Most patients suffering from Lyme and other tick-borne illnesses are exhausted. Fatigue is one of the most common symptoms of Lyme, making patients feel like they have a chronic flu. Even patients who have been accurately diagnosed and are being treated for Lyme battle intense fatigue; their bodies are working hard to fight the infections, and are often weighed down by a build-up of toxins.
In many cases, the only thing these patients want to do is sleep, but they can’t. Lyme disease can cause intense insomnia, hindering people from getting the rest they so desperately need to get well. One hundred percent of Lyme patients involved in a study published in the journal Sleep had sleep disorders.
Why is it so difficult to sleep with an illness that causes fatigue? And what can you do about it?
Lyme disease bacteria, called spirochetes, can cross the blood-brain barrier, causing neurological and psychological impairments. As Dr. Robert Bransfield explained in his talk “The Assessment and Treatment of Sleep Disorders Associated with Lyme/Tick Borne Diseases” at the 2016 International Lyme and Associated Diseases Society (ILADS) conference, Lyme particularly damages the ventrolateral pre-optic area of the brain, more commonly known as the sleep center. This damage can cause insomnia, non-restorative sleep, blunting of or shifting in circadian rhythm, sleep apnea, nightmares, narcolepsy and sleep paralysis, REM behavioral disorder, restless leg syndrome, and paroxysmal nocturnal limb movement (involuntary spasms of limbs).
Other common behaviors associated with sleep may occur at the wrong time (like hypnagogic hallucinations, or dreaming before sleep). Once asleep, patients’ sleep cycles may be affected. Many Lyme patients cannot get the deepest and most restorative level of sleep, known as delta sleep. Lack of delta sleep impedes immune function, making it harder to fight the very disease that causes the insomnia in the first place.
Whether or not Lyme crosses into the central nervous system, it is a systemic inflammatory infection, and that inflammation itself can cause sleep disturbances. This creates a reciprocal effect; a patient becomes sleep deprived in a pro-inflammatory state, and the pro-inflammatory state itself causes sleep deprivation. For some patients, the more sleep deprived they are, the more hyper-vigilant they become, another vicious cycle.
If you are being treated for Lyme and/or other tick-borne illnesses and are still experiencing sleep trouble, here are some things you can do to improve your chances of getting a good night’s rest:
Practice good sleep hygiene: Make sure your body and brain are well prepared for sleep. Power down all electronics and stay away from screens an hour before bedtime. Try not to do anything too engaging during that time. You might read a light book or magazine, take a bath, meditate, or listen to relaxing music.

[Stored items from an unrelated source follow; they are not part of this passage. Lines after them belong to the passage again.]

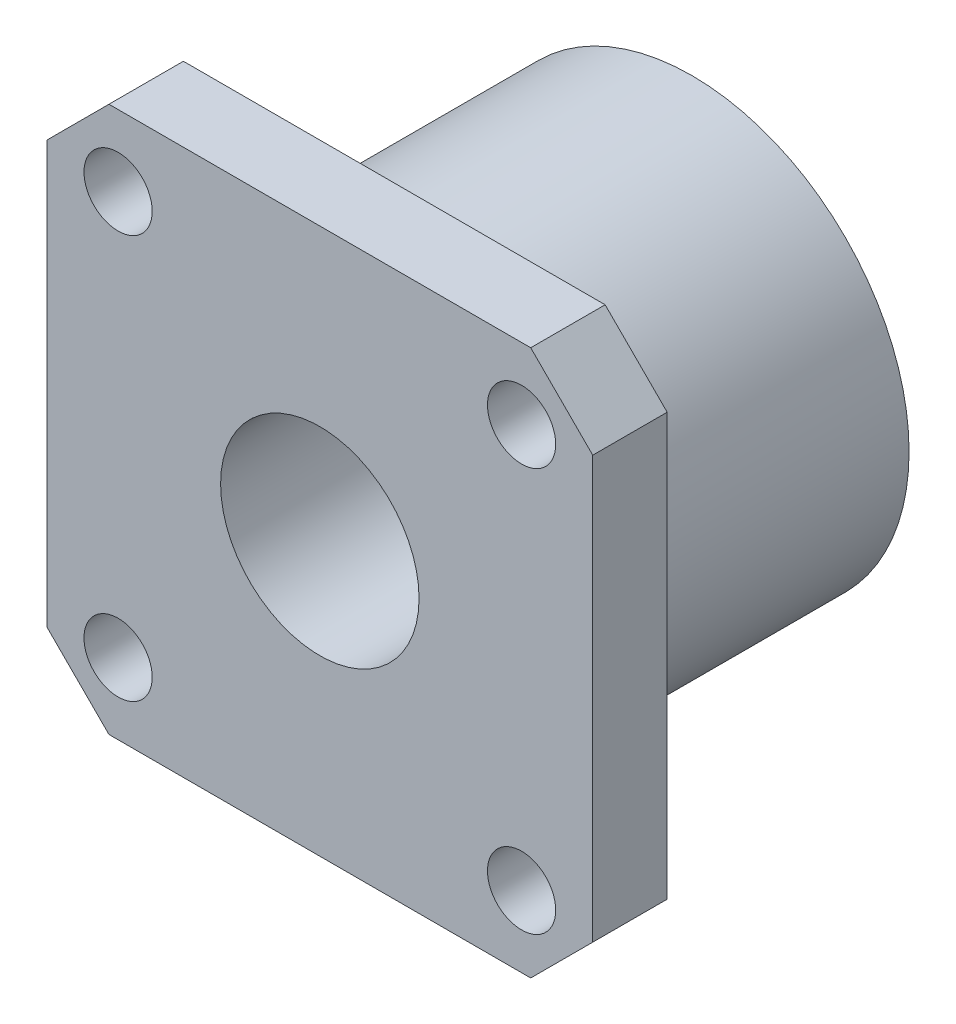
SolidWorks part; units mm, degrees
ref_plane "前视基准面" through (0, 0, 0) normal (0, 0, 1) x (1, 0, 0)
ref_plane "上视基准面" through (0, 0, 0) normal (0, 1, 0) x (1, 0, 0)
ref_plane "右视基准面" through (0, 0, 0) normal (1, 0, 0) x (0, 0, -1)
sketch "草图1" plane through (0, 0, 0) normal (0, 0, 1) x (1, 0, 0)
  line L1 (22, -22) -> (-22, -22)
  line L2 (22, -22) -> (22, 22)
  line L3 (22, 22) -> (-22, 22)
  line L4 (-22, -22) -> (-22, 22)
  line L5 (22, -22) -> (-22, 22) construction
  line L6 (22, 22) -> (-22, -22) construction
  circle A0 centre (-16.2635, 16.2635) radius 2.75
  circle A2 centre (16.2635, 16.2635) radius 2.75
  circle A3 centre (16.2635, -16.2635) radius 2.75
  circle A4 centre (-16.2635, -16.2635) radius 2.75
  point P0 (0, 0)
  dimension "D2" = 5.5
  dimension "D3" = 23
  dimension "D1" = 44
  dimension "D4" = 4
extrude "凸台-拉伸1" add sketch "草图1" along normal blind 6
chamfer "倒角1" distance 5 angle 45 4 edges at (-22, -22, 3) (22, -22, 3) (22, 22, 3) (-22, 22, 3)
sketch "草图2" plane through (0, 0, 0) normal (0, 0, -1) x (-1, 0, 0)
  circle A0 centre (0, 0) radius 17.5
  circle A1 centre (0, 0) radius 8
  dimension "D1" = 35
  dimension "D2" = 16
extrude "凸台-拉伸2" add sketch "草图2" along normal blind 24
sketch "草图3" plane through (0, 0, 0) normal (0, 0, -1) x (-1, 0, 0)
  circle A1 centre (0, 0) radius 8
  circle A3 centre (0, 0) radius 8
  dimension "D1" = 0
extrude "切除-拉伸1" cut sketch "草图3" against normal through all

Keep your room completely dark: Glowing light can disrupt sleep. Turn off your phone and make sure there aren’t any lights from computers or clocks in the room.
Stick to a regular sleep schedule: With your circadian rhythm already disturbed by Lyme, it’s important that you try to set a good schedule for your body. Keep the same bed time and wake time every day, even on weekends.
If you can’t sleep, move to another spot: If you lie in bed worrying about not sleeping, you will begin to associate your bed with anxiety. If after twenty minutes you can’t fall asleep or fall back asleep, move to another quiet place like a couch or chair.
Use your bed only for sleep: Don’t read, work, text, or do other engaging activities in bed; signal to your brain that bed is a place for relaxation.
Cover the clock: Staring at the clock thinking, “Now I only have four hours to sleep until I have to get up” will just increase arousal and anxiety. Do not look at the clock in between bed time and wake time.
Eat a protein-based snack before bed: Lyme disease can affect adrenals and blood sugar levels. A drop in blood sugar can cause patients to have to get up in the night, or can bring about nightmares. Keep your blood sugar steady by eating a small snack with protein (such as a protein shake, a piece of cheese, or a handful of nuts) before bed.
Avoid stimulants: Caffeine and alcohol can affect the ability to fall or stay asleep. Certain medications such as extended-release antihistamines and ADD/ADHD medications can also be stimulating so should not be taken late in the day.
Keep a log: Keep track of how many hours you slept each night. Over the course of a week, you’ll be able to see patterns, which you can report to us when you come in for appointments, to help us best help you get a good night’s sleep.
Specific natural supplements can help improve sleep, and may address underlying issues like hypothalamus-pituitary-adrenal (HPA) axis dysfunction. Occasionally prescription medication may need to so a patient gets adequate sleep. Ultimately, sleep is extremely important in healing, so sufficient and restorative sleep is paramount to your recovery.
1. Greenberg HE, Ney G, Scharf SM, Ravdin L, Hilton E. Sleep Quality in Lyme Disease. Sleep. 1995 Dec;18(10):912-6.